Eccola evocata, la Libia. “L’Ue svolse un ruolo cruciale, nel rovesciamento di Gheddafi, solo nove anni fa. E ora, come per un’eterogenesi dei fini, ci ritroviamo coi russi in Cirenaica e i turchi in Tripolitania. Io non coltivo la minima nostalgia per le dittature del nordafrica, ma quando leggo della creazione di una base di Mig-29 ad Al Jufra mi chiedo cosa debba succedere, ancora, perché l’Europa si occupi della Libia davvero. Sono stati fatti dei progressi nel consolidamento del cessate il fuoco. Ma davvero pensiamo che questo basti?”.

 

Cosa manca, all’Ue? “Non è pensabile occuparsi del Mediterraneo senza una difesa comune europea che abbia una propria capacità di proiezione. Ed è velleitario immaginare di giocare un ruolo geopolitico senza parlare con una sola voce e con un unico linguaggio. L’inviato speciale dell’Onu in Libia si è dimesso a marzo.
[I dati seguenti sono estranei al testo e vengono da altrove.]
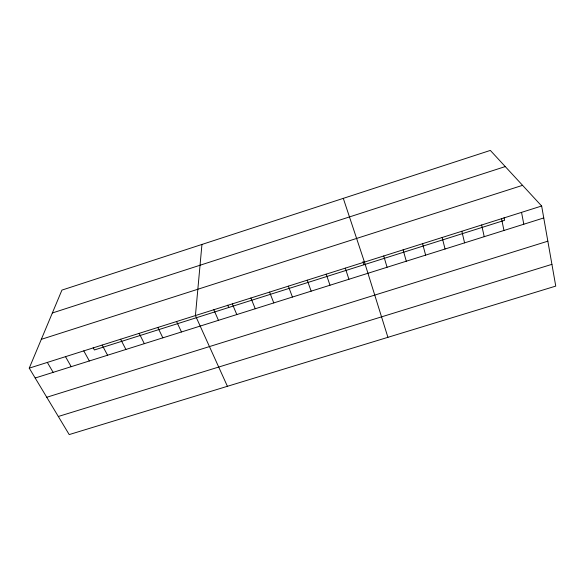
<?xml version="1.0" encoding="UTF-8"?>
<svg xmlns="http://www.w3.org/2000/svg" width="585" height="585" viewBox="0 0 585 585"><rect width="100%" height="100%" fill="white"/><g stroke="black" fill="none" stroke-linecap="round" stroke-linejoin="round"><path stroke-width="0.88" d="M201.949 244.45L195.427 315.556L227.411 386.305M29.25 368.14L61.93 290.101L490.34 150.418L541.651 206.008L555.75 286.102L69.206 434.582L29.25 368.14L541.651 206.008M52.35 312.975L505.257 166.579M41.316 339.337L522.573 185.335M35.188 378.012L543.757 217.949M46.763 397.259L547.845 241.181M58.325 416.483L551.918 264.347M47.334 362.415L53.147 372.36M65.505 356.667L71.194 366.678M83.779 350.883L89.337 360.967M93.19 347.739L94.397 349.962L504.592 220.311L504.058 217.722M102.148 345.077L107.574 355.227M120.605 339.234L125.899 349.457M139.164 333.362L144.327 343.658M157.818 327.454L162.849 337.83M176.575 321.523L181.467 331.973M213.825 309.736L218.446 320.331M227.719 305.173L228.713 307.513M232.311 303.886L236.801 314.555M250.899 298.006L255.243 308.748M269.575 292.098L273.787 302.913M288.354 286.153L292.427 297.048M307.235 280.178L311.161 291.154M326.203 274.175L329.991 285.224M343.3 198.359L364.455 262.073L387.913 337.318M345.282 268.142L348.923 279.264M363.029 261.451L364.053 264.734M383.731 255.974L387.073 267.257M403.102 249.846L406.297 261.21M422.582 243.682L425.624 255.126M442.165 237.488L445.053 249.013M461.85 231.258L464.585 242.863M481.645 224.998L484.219 236.684M501.542 218.702L503.963 230.468M521.542 212.37L523.802 224.223"/></g></svg>
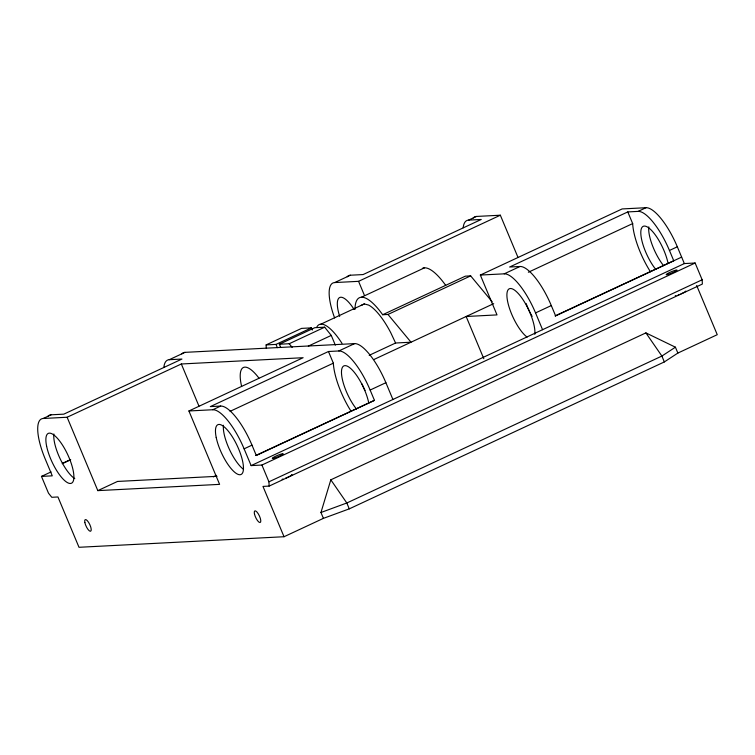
<?xml version="1.0" encoding="UTF-8"?>
<svg xmlns="http://www.w3.org/2000/svg" width="755" height="755" viewBox="0 0 755 755"><rect width="100%" height="100%" fill="white"/><g stroke="black" fill="none" stroke-linecap="round" stroke-linejoin="round"><path stroke-width="1.13" d="M323.414 518.364L320.96 512.494L330.822 479.821L645.893 332.889L675.414 347.187L677.867 353.066L664.343 361.928L349.272 508.861L323.414 518.364L284.031 536.73L79.001 547.29L57.946 496.969L51.784 497.29L48.49 493.175L41.468 476.396L51.076 471.922M675.414 347.187L661.89 356.058L346.819 502.99L320.96 512.494M361.05 305.482L364.278 303.925L368.638 305.086A43.497 13.703 65 0 1 390.769 332.728L395.582 343.015L411.022 342.204L387.966 314.457L382.662 314.731A50.821 16.006 65 0 0 355.02 309.352M41.468 476.396L52.265 475.839L45.243 459.068A43.497 13.703 65 0 1 43.224 418.478L51.104 414.806L63.788 414.155L181.936 359.05L169.252 359.701A43.497 13.703 65 0 0 163.863 367.336M169.252 359.701L185.003 352.358L354.586 343.619A43.497 13.703 65 0 1 385.89 382.7L392.911 399.48M334.635 317.949A43.497 13.703 65 0 1 334.663 282.568L350.414 275.216L363.098 274.565L481.246 219.469L468.572 220.12A43.497 13.703 65 0 0 463.183 227.755M468.572 220.12L476.443 216.449L500.338 215.213L517.949 257.304M67.12 417.251L181.332 363.986L303.123 357.71L188.91 410.975L219.601 484.361L97.82 490.627L67.12 417.251L43.224 418.478M334.663 282.568L358.559 281.332L500.338 215.213M361.466 297.215L424.48 267.836M266.27 348.121L266.109 344.912L301.556 328.387L311.438 327.878L312.353 330.048M266.109 344.912L275.99 344.403L311.438 327.878M320.988 324.112L364.278 303.925M280.709 347.489L279.35 344.233L314.788 327.698L324.678 327.189L331.266 335.418L335.343 345.167M279.35 344.233L289.231 343.723L324.678 327.189M308.333 346.111L331.266 335.418M62.759 463.221L70.206 459.748M62.193 463.693L70.706 459.729M382.662 314.731L465.373 276.16L470.667 275.886L492.232 301.849M387.966 314.457L470.667 275.886M483.804 358.7L466.146 316.496L497.007 314.901L480.34 275.056L622.129 208.937L646.016 207.71A43.497 13.703 65 0 1 677.329 246.791L684.351 263.57L695.138 263.014L702.15 279.784L702.367 284.059L269.148 486.088L262.976 486.409L284.031 536.73M328.472 351.5L210.324 406.605L220.677 406.067A43.497 13.703 65 0 1 251.991 445.148L256.304 455.463L374.452 400.358L370.139 390.052A43.497 13.703 65 0 0 338.825 350.971L328.472 351.5L333.351 363.174A43.497 13.703 65 0 0 351.141 411.381M646.016 207.71L638.145 211.381L627.792 211.919L509.634 267.015L519.997 266.487A43.497 13.703 65 0 1 551.301 305.567L555.614 315.873L681.642 257.106M188.91 410.975L212.797 409.738L220.677 406.067M338.825 350.971L354.586 343.619M480.34 275.056L504.236 273.829L519.997 266.487M230.105 411.324L333.351 363.174M528.358 272.234L632.671 223.584L627.792 211.919M369.195 355.322L395.582 343.015M373.857 359.54L493.713 303.642M97.82 490.627L117.506 481.445L217.044 476.32M212.797 409.738A43.497 13.703 65 0 1 244.11 448.829L251.991 445.148M370.139 390.052L385.89 382.7M504.236 273.829A43.497 13.703 65 0 1 535.55 312.91L551.301 305.567M638.145 211.381A43.497 13.703 65 0 1 669.449 250.462L677.329 246.791M213.316 476.858L216.506 475.376M244.11 448.829L251.122 465.599L684.351 263.57M251.122 465.599L261.919 465.042L695.138 263.014M269.148 486.088L268.931 481.813L702.15 279.784M677.867 353.066L717.25 334.691L696.648 285.447M555.614 315.873L555.114 315.901L673.762 260.777L669.449 250.462M374.452 400.358L255.803 455.491L256.304 455.463M289.231 343.723L292.166 347.375M645.893 332.889L661.89 356.058L664.343 361.928M330.822 479.821L346.819 502.99L349.272 508.861M535.55 312.91L542.562 329.69M358.559 281.332L364.41 295.328M275.99 344.403L277.359 347.668M261.919 465.042L268.931 481.813M181.332 363.986L198.952 406.105M650.461 271.791A43.497 13.703 65 0 1 632.671 223.584M316.656 327.434A43.497 13.703 65 0 1 342.006 343.383M181.785 353.916A43.497 13.703 65 0 1 185.003 352.358M47.876 416.354A43.497 13.703 65 0 1 51.104 414.806M74.764 478.623A27.473 8.654 65 0 1 59.966 458.398A27.473 8.654 65 0 1 53.879 433.983M243.525 469.336A27.473 8.654 65 0 1 229.171 448.838A27.473 8.654 65 0 1 223.452 425.244M356.398 408.936A27.473 8.654 65 0 1 341.637 374.999A27.473 8.654 65 0 1 352.179 369.922A27.473 8.654 65 0 1 368.761 402.972M365.033 390.429A27.473 8.654 65 0 1 361.994 383.936M655.708 269.346A27.473 8.654 65 0 1 640.957 235.409A27.473 8.654 65 0 1 651.49 230.341A27.473 8.654 65 0 1 668.081 263.391M663.588 265.675A27.473 8.654 65 0 1 648.8 226.887M532.143 316.392A27.473 8.654 65 0 1 526.112 303.51M527.084 337.098A27.473 8.654 65 0 1 507.369 300.084A27.473 8.654 65 0 1 520.006 295.545A27.473 8.654 65 0 1 534.795 334.323M347.196 276.774A43.497 13.703 65 0 1 350.414 275.216M473.225 217.997A43.497 13.703 65 0 1 476.443 216.449M339.665 316.354A27.473 8.654 65 0 1 339.684 297.517A27.473 8.654 65 0 1 354.076 309.408M422.413 268.346A50.821 16.006 65 0 1 445.676 285.343M685.823 291.024A5.955 0.717 -22.7 0 1 680.972 293.874M679.538 294.459A5.955 0.717 -22.7 0 1 678.16 294.978M675.933 295.639A5.955 0.717 -22.7 0 1 675.244 295.743M291.562 475.263A5.955 0.717 -22.7 0 1 285.701 478.132M283.097 479.038A5.955 0.717 -22.7 0 1 282.096 479.302M291.647 474.64A5.955 0.717 -22.7 0 1 291.959 474.904M241.619 386.409A36.627 11.542 65 0 1 258.908 378.076M46.612 446.148A27.473 8.654 65 0 0 70.413 483.474A27.473 8.654 65 0 0 62.637 445.318A27.473 8.654 65 0 0 46.612 446.148M216.194 437.409A27.473 8.654 65 0 0 239.986 474.735A27.473 8.654 65 0 0 232.21 436.588A27.473 8.654 65 0 0 216.194 437.409M274.32 458.077A5.955 0.717 -22.7 0 0 283.191 453.934A5.955 0.717 -22.7 0 0 275.754 456.162A5.955 0.717 -22.7 0 0 274.32 458.077M668.156 274.405A5.955 0.717 -22.7 0 0 677.027 270.271A5.955 0.717 -22.7 0 0 669.591 272.498A5.955 0.717 -22.7 0 0 668.156 274.405M84.862 522.573A6.408 2.02 65 0 0 90.411 531.284A6.408 2.02 65 0 0 88.599 522.375A6.408 2.02 65 0 0 84.862 522.573M254.435 513.834A6.408 2.02 65 0 0 259.984 522.545A6.408 2.02 65 0 0 258.172 513.645A6.408 2.02 65 0 0 254.435 513.834"/></g></svg>

E’ passato quasi un anno, senza che le Nazioni Unite abbia saputo nominare un proprio successore”. Nel frattempo Russia e Turchia sono passate alle vie di fatto.  “Hanno guadagnato terreno con un uso spregiudicato e disinvolto delle proprie capacità belliche. E tuttavia Mosca ed Ankara hanno difficoltà a promuovere una ricostruzione unitaria della Libia. Bruxelles invece quella forza economica ce l’ha: la democrazia europea, vorrei dire, quella forza ce l’ha. E deve farla valere. Servirebbe un Recovery plan ad hoc, ovviamente in proporzioni ridotte rispetto a quello appena varato per gli stati membri. Questo convincerebbe quella vasta e influente parte dell’opinione pubblica libica che crede ancora nell’Europa. Ma è una corsa contro il tempo: l’inerzia europea favorisce una soluzione di divisione per aree d’influenza sul modello siriano, con una Cirenaica russo-emiratina e una Tripolitania turco-qatariota”.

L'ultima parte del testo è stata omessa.